In order to let everyone know about my progress, I will be posting weekly to the mailing list and will be using Github to keep track of commits. If there are any questions, I will be available on IRC and you can send me e-mails.
I do not have any previous GSoC experiences. I am also not applying to any other organizations.
My project will require maintenance and in order to keep up with the tactics that websites with inappropriate content come up with, I will need to stay up to speed with how to improve the algorithm for backlisting. As for the wiki and support pages, I will update accordingly whenever I get feedback about them. As we gather more user feedback, we can determine the most useful and easiest advanced search options to integrate into Ahmia.I will also continue working on how we can anonymously gather data and report these numbers in a an approachable way. I am also considering becoming a mentor for GSoC 2018.

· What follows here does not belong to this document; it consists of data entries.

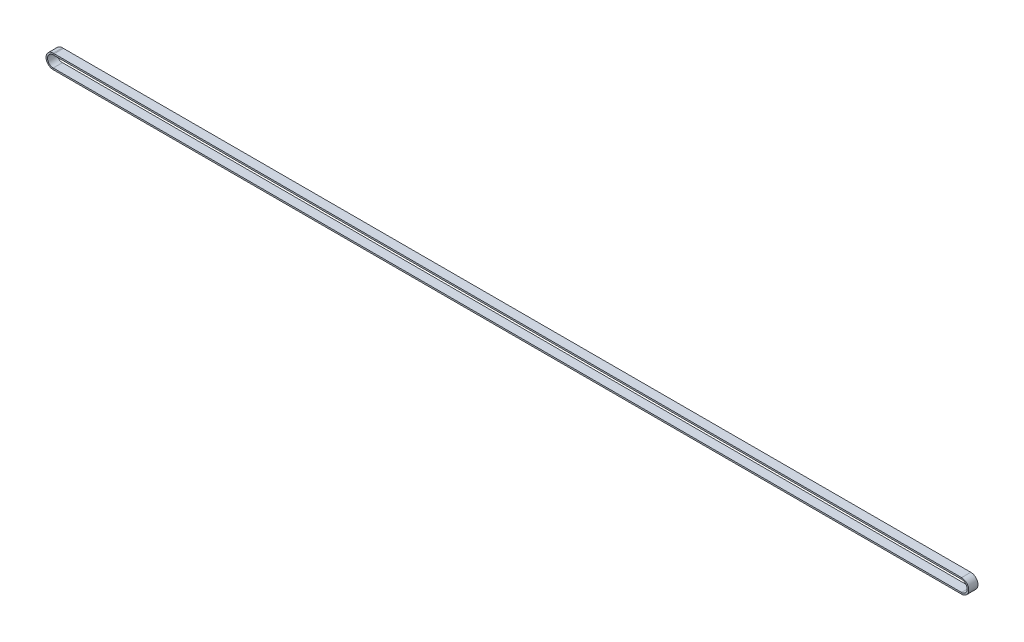
SolidWorks part; units mm, degrees
ref_plane "Front Plane" through (0, 0, 0) normal (0, 0, 1) x (1, 0, 0)
ref_plane "Top Plane" through (0, 0, 0) normal (0, 1, 0) x (1, 0, 0)
ref_plane "Right Plane" through (0, 0, 0) normal (1, 0, 0) x (0, 0, -1)
sketch "Sketch2" plane through (0, 0, 0) normal (0, 0, 1) x (1, 0, 0)
  line L0 (0, 0) -> (1, 0) construction
  line L1 (0, 0) -> (0, 1) construction
  line L2 (-1, -26.79) -> (883.5206, -26.79)
  line L3 (883.5206, -40.79) -> (-1, -40.79)
  arc A0 (-1, -40.79) -> (-1, -26.79) centre (-1, -33.79) cw
  arc A1 (883.5206, -26.79) -> (883.5206, -40.79) centre (883.5206, -33.79) cw
sketch "Sketch3" plane through (0, 0, 0) normal (1, 0, 0) x (0, 0, -1)
  line L1 (0, -28.29) -> (-9, -28.29)
  line L2 (0, -28.29) -> (0, -26.79)
  line L3 (0, -26.79) -> (-9, -26.79)
  line L4 (-9, -28.29) -> (-9, -26.79)
  dimension "D1" = 9
  dimension "D2" = 1.5
sweep "Sweep1" add profiles "Sketch3" path "Sketch2"

I would like to thank Juha Nurmi for helping with this application and for helping develop my ideas in accordance with the Ahmia Search Engine's goals. He's also been very helpful in helping me set up the development environment for working with Ahmia. I look forward to working with him throughout the summer. Thanks also to Ismael Riahi, who worked on the Ahmia search engine during GSoC last year, for giving me some advice and ideas for GSoC for this year. I would also like to thank everyone on the #tor-dev and #tor channels on IRC for helping develop my ideas, answering my questions and making me more knowledgeable about Tor and its challenges. I strongly believe that a user firendly search engine on the Tor network would encourage more people to use Tor. So, I would like to contribute to projects make Tor more accessible to the lay person. Moreover, I believe that mentorship is very important and that GSoC is a great initiative to bringing more people like me to work on open source projects.